Em comunicação acerca da linha extraordinária de financiamento, que adia a abertura de novos concursos anuais e plurianuais de apoio às artes, a DGArtes, explica o seguinte:

"O apoio supra mencionado destina-se a financiar atividades ou projetos artísticos novos ou complementares aos que foram aprovados nos termos da Portaria n.º 322-A/2017, de 16.12"

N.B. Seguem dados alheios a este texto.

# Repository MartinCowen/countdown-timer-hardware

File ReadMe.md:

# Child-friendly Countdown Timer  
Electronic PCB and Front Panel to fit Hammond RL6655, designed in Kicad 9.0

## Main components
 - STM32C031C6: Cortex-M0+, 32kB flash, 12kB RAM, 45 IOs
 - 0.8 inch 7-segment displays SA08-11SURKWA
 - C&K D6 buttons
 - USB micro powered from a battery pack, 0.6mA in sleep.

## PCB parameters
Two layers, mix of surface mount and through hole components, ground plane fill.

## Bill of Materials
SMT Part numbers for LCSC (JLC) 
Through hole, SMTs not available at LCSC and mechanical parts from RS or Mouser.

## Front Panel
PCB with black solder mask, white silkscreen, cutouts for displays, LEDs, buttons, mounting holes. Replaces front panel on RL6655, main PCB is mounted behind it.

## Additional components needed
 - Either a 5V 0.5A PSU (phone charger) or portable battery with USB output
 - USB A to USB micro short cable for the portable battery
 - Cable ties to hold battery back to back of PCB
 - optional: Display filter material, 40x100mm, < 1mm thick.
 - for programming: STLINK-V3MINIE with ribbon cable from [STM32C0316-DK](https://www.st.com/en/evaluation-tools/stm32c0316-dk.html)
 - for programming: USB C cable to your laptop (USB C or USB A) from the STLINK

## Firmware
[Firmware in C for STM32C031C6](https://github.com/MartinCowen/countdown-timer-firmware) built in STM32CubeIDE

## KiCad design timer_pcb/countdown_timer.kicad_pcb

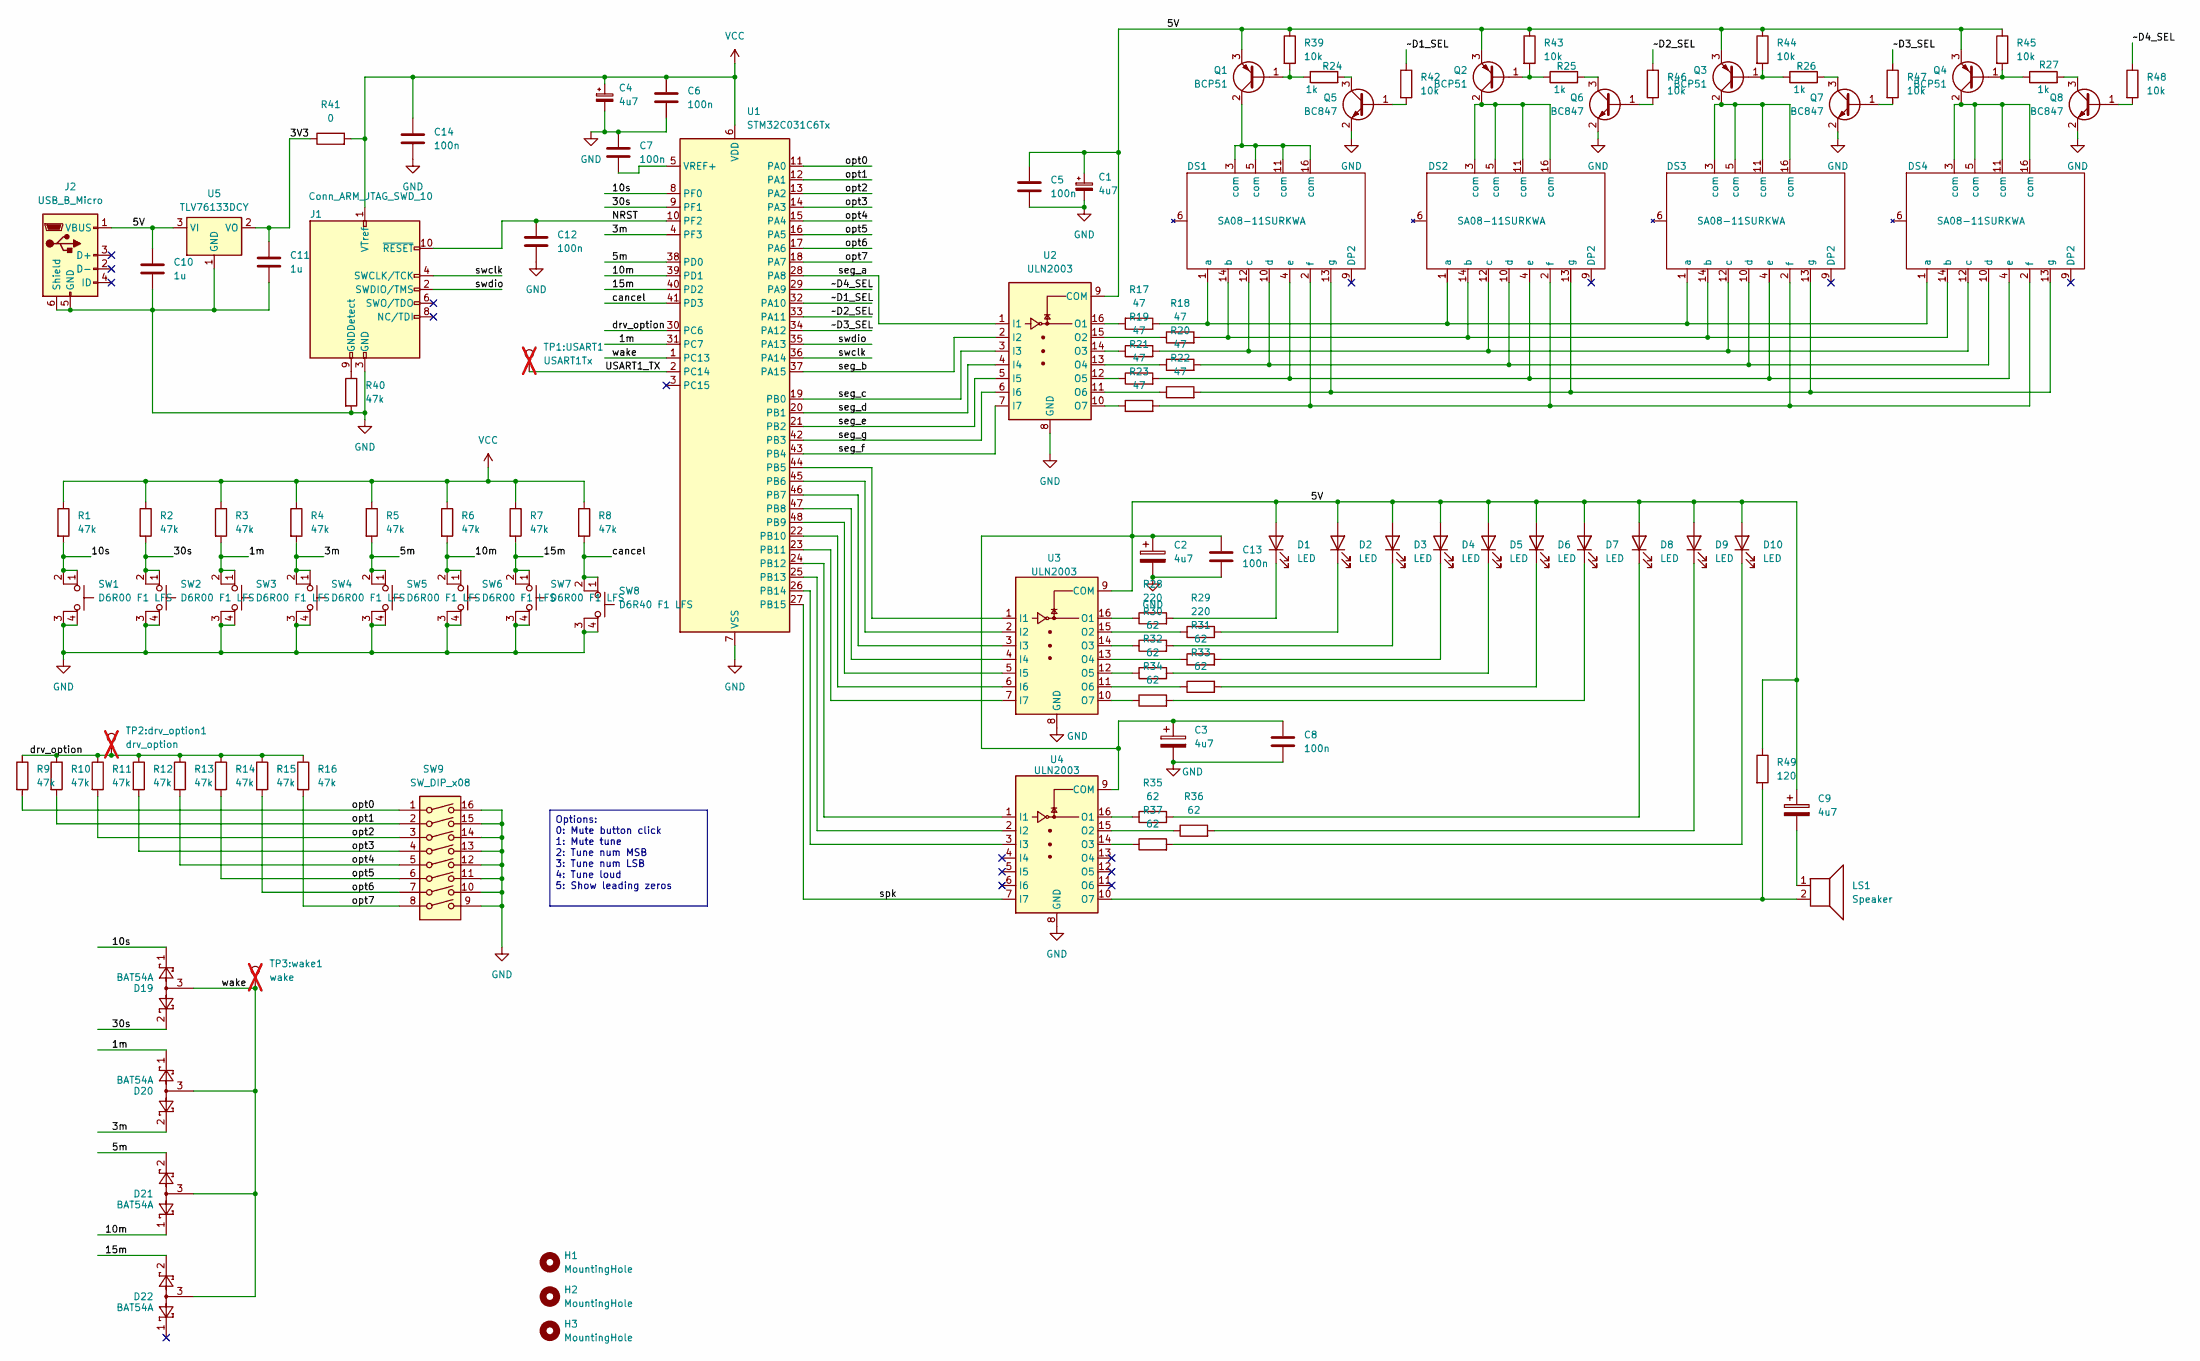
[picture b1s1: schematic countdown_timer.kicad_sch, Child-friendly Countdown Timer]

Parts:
C1, C2, C3, C4, C9: 4u7; CP_Elec_4x5.4; LCSC C59949
C5, C6, C7, C8, C12, C13, C14: 100n; C_0805_2012Metric; LCSC C49678
C10, C11: 1u; C_0805_2012Metric; LCSC C24123
D1, D2, D3, D4, D5, D6, D7, D8, D9, D10: LED; LED_D5.0mm_FlatTop; LCSC DNP
D19, D20, D21, D22: BAT54A; SOT-323_SC-70; LCSC C77317
DS1, DS2, DS3, DS4: SA08-11SURKWA; LCSC DNP
H1, H2, H3: MountingHole; ToolingHole_1.152mm; LCSC DNP
J1: Conn_ARM_JTAG_SWD_10; PinHeader_2x05_P1.27mm_Vertical_SMD; LCSC C5155080
J2: USB_B_Micro; USB_Micro-B_Amphenol_10118194-0001LF_Horizontal; LCSC C132563
LS1: Speaker; CMS-151504-SMT-TR; LCSC DNP
Q1, Q2, Q3, Q4: BCP51; SOT-223-3_TabPin2; LCSC C41375111
Q5, Q6, Q7, Q8: BC847; SOT-323_SC-70; LCSC C8659
R1, R2, R3, R4, R5, R6, R7, R8, R9, R10, R11, R12, R13, R14, R15, R16, R40: 47k; R_0805_2012Metric; LCSC C17713
R17, R18, R19, R20, R21, R22, R23: 47; R_0805_2012Metric; LCSC C17714
R24, R25, R26, R27: 1k; R_0805_2012Metric; LCSC C17513
R28, R29: 220; R_0805_2012Metric; LCSC C17557
R30, R31, R32, R33, R34, R35, R36, R37: 62; R_0805_2012Metric; LCSC C17557
R39, R42, R43, R44, R45, R46, R47, R48: 10k; R_0805_2012Metric; LCSC C17414
R41: 0; R_0805_2012Metric; LCSC C17477
R49: 120; R_0805_2012Metric; LCSC C17437
SW1, SW2, SW3, SW4, SW5, SW6, SW7: D6R00 F1 LFS; CK_D6; LCSC C221608
SW8: D6R40 F1 LFS; CK_D6; LCSC C668538
SW9: SW_DIP_x08; DIP-16_W7.62mm; LCSC C108707
TP1:USART1: USART1Tx; TestPoint_Pad_D1.5mm; LCSC DNP; not fitted
TP2:drv_option1: drv_option; TestPoint_Pad_D1.5mm; LCSC DNP; not fitted
TP3:wake1: wake; TestPoint_Pad_D1.5mm; LCSC DNP; not fitted
U1: STM32C031C6Tx; LQFP-48_7x7mm_P0.5mm; LCSC C5456218
U2, U3, U4: ULN2003; SOIC-16_3.9x9.9mm_P1.27mm; LCSC C7512
U5: TLV76133DCY; SOT-223-3_TabPin2; LCSC C7527500

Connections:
/1m: D20.1, R3.2, SW3.1, SW3.2, U1.31 (PC7)
/3V3: C11.1, R41.1, U5.2 (VO)
/3m: D20.2, R4.2, SW4.1, SW4.2, U1.4 (PF3)
/5V: C1.1, C2.1, C3.1, C5.1, C8.1, C9.1, C10.1, C13.1, D1.2 (A), D2.2 (A), D3.2 (A), D4.2 (A), D5.2 (A), D6.2 (A), D7.2 (A), D8.2 (A), D9.2 (A), D10.2 (A), J2.1 (VBUS), Q1.3 (E), Q2.3 (E), Q3.3 (E), Q4.3 (E), R39.1, R43.1, R44.1, R45.1, R49.1, U2.9 (COM), U3.9 (COM), U4.9 (COM), U5.3 (VI)
/5m: D21.2, R5.2, SW5.1, SW5.2, U1.38 (PD0)
/10m: D21.1, R6.2, SW6.1, SW6.2, U1.39 (PD1)
/10s: D19.1, R1.2, SW1.1, SW1.2, U1.8 (PF0)
/15m: D22.2, R7.2, SW7.1, SW7.2, U1.40 (PD2)
/30s: D19.2, R2.2, SW2.1, SW2.2, U1.9 (PF1)
/NRST: C12.1, J1.10 (~RESET), U1.10 (PF2)
/USART1_TX: TP1:USART1.1, U1.2 (PC14)
/cancel: R8.2, SW8.1, SW8.2, U1.41 (PD3)
/drv_option: R9.1, R10.1, R11.1, R12.1, R13.1, R14.1, R15.1, R16.1, TP2:drv_option1.1, U1.30 (PC6)
/opt0: R9.2, SW9.1, U1.11 (PA0)
/opt1: R10.2, SW9.2, U1.12 (PA1)
/opt2: R11.2, SW9.3, U1.13 (PA2)
/opt3: R12.2, SW9.4, U1.14 (PA3)
/opt4: R13.2, SW9.5, U1.15 (PA4)
/opt5: R14.2, SW9.6, U1.16 (PA5)
/opt6: R15.2, SW9.7, U1.17 (PA6)
/opt7: R16.2, SW9.8, U1.18 (PA7)
/seg_a: U1.28 (PA8), U2.1 (I1)
/seg_b: U1.37 (PA15), U2.2 (I2)
/seg_c: U1.19 (PB0), U2.3 (I3)
/seg_d: U1.20 (PB1), U2.4 (I4)
/seg_e: U1.21 (PB2), U2.5 (I5)
/seg_f: U1.43 (PB4), U2.7 (I7)
/seg_g: U1.42 (PB3), U2.6 (I6)
/spk: U1.27 (PB15), U4.7 (I7)
/swclk: J1.4 (SWCLK/TCK), U1.36 (PA14)
/swdio: J1.2 (SWDIO/TMS), U1.35 (PA13)
/wake: D19.3, D20.3, D21.3, D22.3, TP3:wake1.1, U1.1 (PC13)
/~D1_SEL: R42.1, U1.32 (PA10)
/~D2_SEL: R46.1, U1.33 (PA11)
/~D3_SEL: R47.1, U1.34 (PA12)
/~D4_SEL: R48.1, U1.29 (PA9)
GND: C1.2, C2.2, C3.2, C4.2, C5.2, C6.2, C7.1, C8.2, C10.2, C11.2, C12.2, C13.2, C14.2, J1.3 (GND), J1.5 (GND), J2.5 (GND), J2.6 (Shield), Q5.2 (E), Q6.2 (E), Q7.2 (E), Q8.2 (E), R40.2, SW1.3 (K), SW1.4 (A), SW2.3 (K), SW2.4 (A), SW3.3 (K), SW3.4 (A), SW4.3 (K), SW4.4 (A), SW5.3 (K), SW5.4 (A), SW6.3 (K), SW6.4 (A), SW7.3 (K), SW7.4 (A), SW8.3 (K), SW8.4 (A), SW9.9, SW9.10, SW9.11, SW9.12, SW9.13, SW9.14, SW9.15, SW9.16, U1.7 (VSS), U2.8 (GND), U3.8 (GND), U4.8 (GND), U5.1 (GND)
unnamed: C9.2, LS1.1
unnamed: D1.1 (K), R28.2
unnamed: D2.1 (K), R29.2
unnamed: D3.1 (K), R30.2
unnamed: D4.1 (K), R31.2
unnamed: D5.1 (K), R32.2
unnamed: D6.1 (K), R33.2
unnamed: D7.1 (K), R34.2
unnamed: D8.1 (K), R35.2
unnamed: D9.1 (K), R36.2
unnamed: D10.1 (K), R37.2
unnamed: DS1.1 (a), DS2.1 (a), DS3.1 (a), DS4.1 (a), R17.1
unnamed: DS1.14 (b), DS2.14 (b), DS3.14 (b), DS4.14 (b), R18.2
unnamed: DS1.12 (c), DS2.12 (c), DS3.12 (c), DS4.12 (c), R19.2
unnamed: DS1.10 (d), DS2.10 (d), DS3.10 (d), DS4.10 (d), R20.2
unnamed: DS1.4 (e), DS2.4 (e), DS3.4 (e), DS4.4 (e), R21.2
unnamed: DS1.2 (f), DS2.2 (f), DS3.2 (f), DS4.2 (f), R23.2
unnamed: DS1.13 (g), DS2.13 (g), DS3.13 (g), DS4.13 (g), R22.2
unnamed: J1.9 (GNDDetect), R40.1
unnamed: Q1.1 (B), R24.1, R39.2
unnamed: DS1.3 (com), DS1.5 (com), DS1.11 (com), DS1.16 (com), Q1.2 (C)
unnamed: Q2.1 (B), R25.1, R43.2
unnamed: DS2.3 (com), DS2.5 (com), DS2.11 (com), DS2.16 (com), Q2.2 (C)
unnamed: Q3.1 (B), R26.1, R44.2
unnamed: DS3.3 (com), DS3.5 (com), DS3.11 (com), DS3.16 (com), Q3.2 (C)
unnamed: Q4.1 (B), R27.1, R45.2
unnamed: DS4.3 (com), DS4.5 (com), DS4.11 (com), DS4.16 (com), Q4.2 (C)
unnamed: Q5.1 (B), R42.2
unnamed: Q5.3 (C), R24.2
unnamed: Q6.1 (B), R46.2
unnamed: Q6.3 (C), R25.2
unnamed: Q7.1 (B), R47.2
unnamed: Q7.3 (C), R26.2
unnamed: Q8.1 (B), R48.2
unnamed: Q8.3 (C), R27.2
unnamed: U1.44 (PB5), U3.1 (I1)
unnamed: U1.45 (PB6), U3.2 (I2)
unnamed: U1.46 (PB7), U3.3 (I3)
unnamed: U1.47 (PB8), U3.4 (I4)
unnamed: U1.48 (PB9), U3.5 (I5)
unnamed: U1.22 (PB10), U3.6 (I6)
unnamed: U1.23 (PB11), U3.7 (I7)
unnamed: U1.24 (PB12), U4.1 (I1)
unnamed: U1.25 (PB13), U4.2 (I2)
unnamed: U1.26 (PB14), U4.3 (I3)
unnamed: C7.2, U1.5 (VREF+)
unnamed: R17.2, U2.16 (O1)
unnamed: R18.1, U2.15 (O2)
unnamed: R19.1, U2.14 (O3)
unnamed: R20.1, U2.13 (O4)
unnamed: R21.1, U2.12 (O5)
unnamed: R22.1, U2.11 (O6)
unnamed: R23.1, U2.10 (O7)
unnamed: R28.1, U3.16 (O1)
unnamed: R29.1, U3.15 (O2)
unnamed: R30.1, U3.14 (O3)
unnamed: R31.1, U3.13 (O4)
unnamed: R32.1, U3.12 (O5)
unnamed: R33.1, U3.11 (O6)
unnamed: R34.1, U3.10 (O7)
unnamed: R35.1, U4.16 (O1)
unnamed: R36.1, U4.15 (O2)
unnamed: R37.1, U4.14 (O3)
unnamed: LS1.2, R49.2, U4.10 (O7)
VCC: C4.1, C6.1, C14.1, J1.1 (VTref), R1.1, R2.1, R3.1, R4.1, R5.1, R6.1, R7.1, R8.1, R41.2, U1.6 (VDD)

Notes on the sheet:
Options: 0: Mute button click 1: Mute tune 2: Tune num MSB 3: Tune num LSB 4: Tune loud 5: Show leading zeros

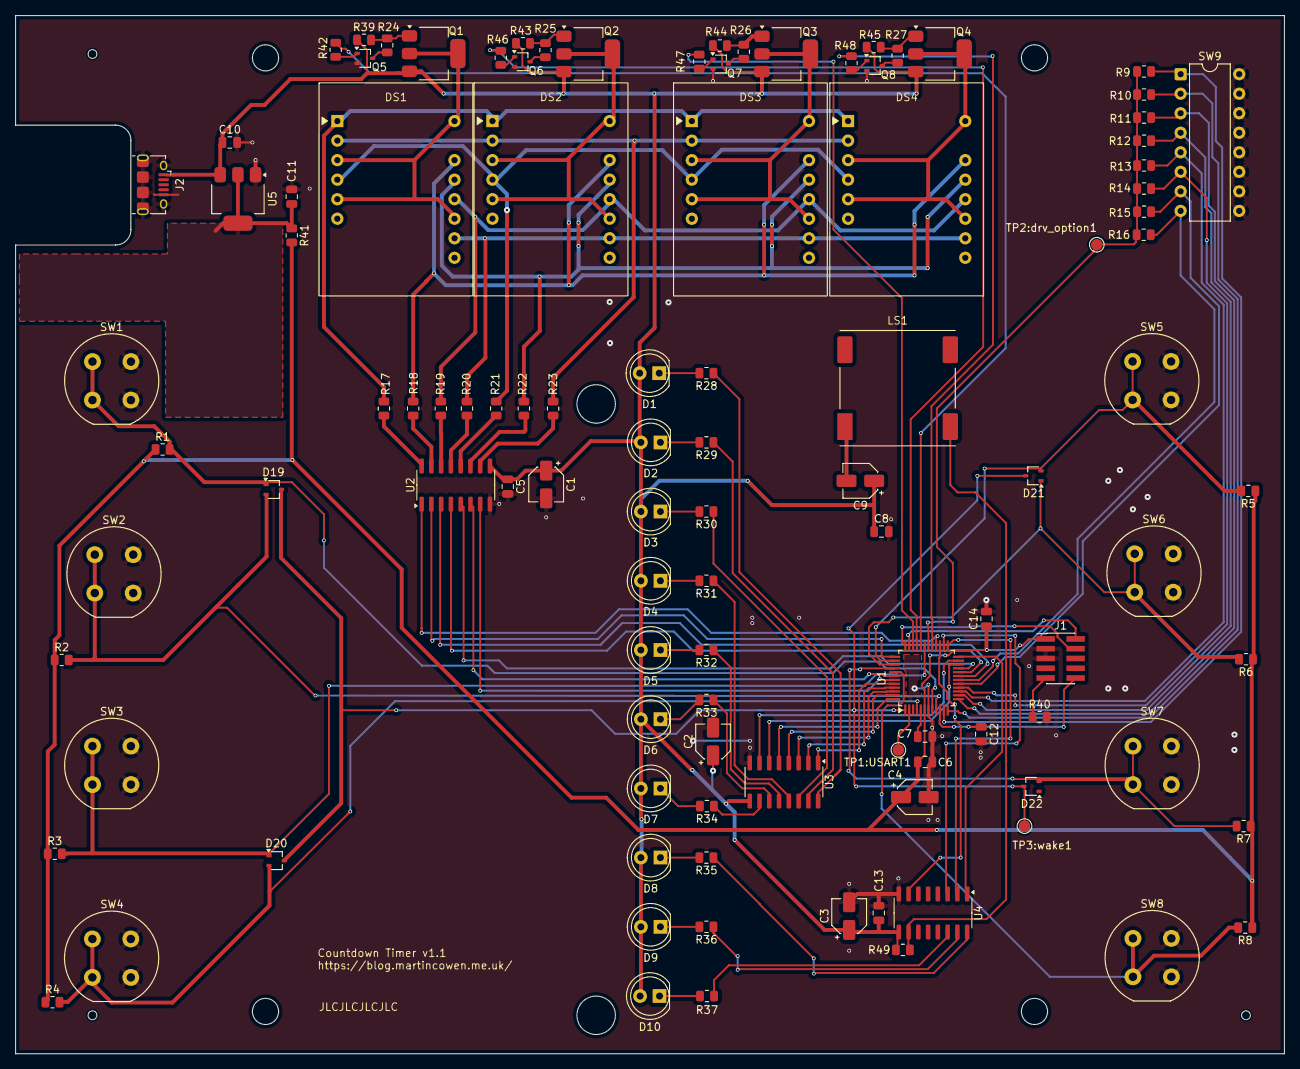
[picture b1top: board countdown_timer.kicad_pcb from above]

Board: 2 copper layers, 164.9 x 134.9 mm, 111 parts (0 on the bottom side), 102 nets.

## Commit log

2025-09-30 Ignore backup folders anywhere in project
2025-09-30 PCB and Front Panel for version 1.1
    Incorporates corrections found with 1.0
    - seg_A now on PA8 to fix clash with a SWD pin
    - D6 button orientation
    - speaker drive circuit fixed
    - resistor values for bargraph LEDs for even brightness
    - resistor values for segment driver for improved transistor drive
2025-10-31 Added firmware repo link

Na PLATEIA acreditávamos que a linha em causa, e porque se fundamentava na preocupação com os cortes ocorridos desde 2011, pretenderia reforçar as condições de sustentabilidade da produção, nomeadamente permitindo suportar, nos termos da lei, os custos sociais dos projetos em curso e/ou reforçando os orçamentos de produção em termos de recursos humanos: mas sempre dentro dos planos de produção em contratados.

Mas parece-nos agora que o que o governo pretende é que as estruturas produzam ainda mais, replicando assim, neste acréscimo de atividade, os termos de produção em que foram lançadas pelo governo anterior (assentes na desregulação laboral, precariedade e orçamentos idênticos aos dos anos 90).

Solicitámos um esclarecimento ao Gabinete do Secretário de Estado da Cultura, que justificou a situação com base no atual quadro normativo, em que a possibilidade de concertação de dois apoios não poderia violar o princípio da não cumulação previsto no artigo 27 do DL 225/2006.

Sem colocar em causa a leitura jurídica feita pelo gabinete do Secretário de Estado, alertamos para o caráter grave da opção política em que o governo do Partido Socialista pretende que este reforço... reforce o modo de produção associado ao governo PSD/PP e obriga as estruturas artísticas a um esforço adicional por razões que escapam completamente à sua responsabilidade.


Apelamos a todos que recusem submeter-se a uma situação que replica as condições iníquas da situação anterior, a criação artística feita à pressa, à força e sem condições, e a penalizar estruturas artísticas que não têm culpa alguma.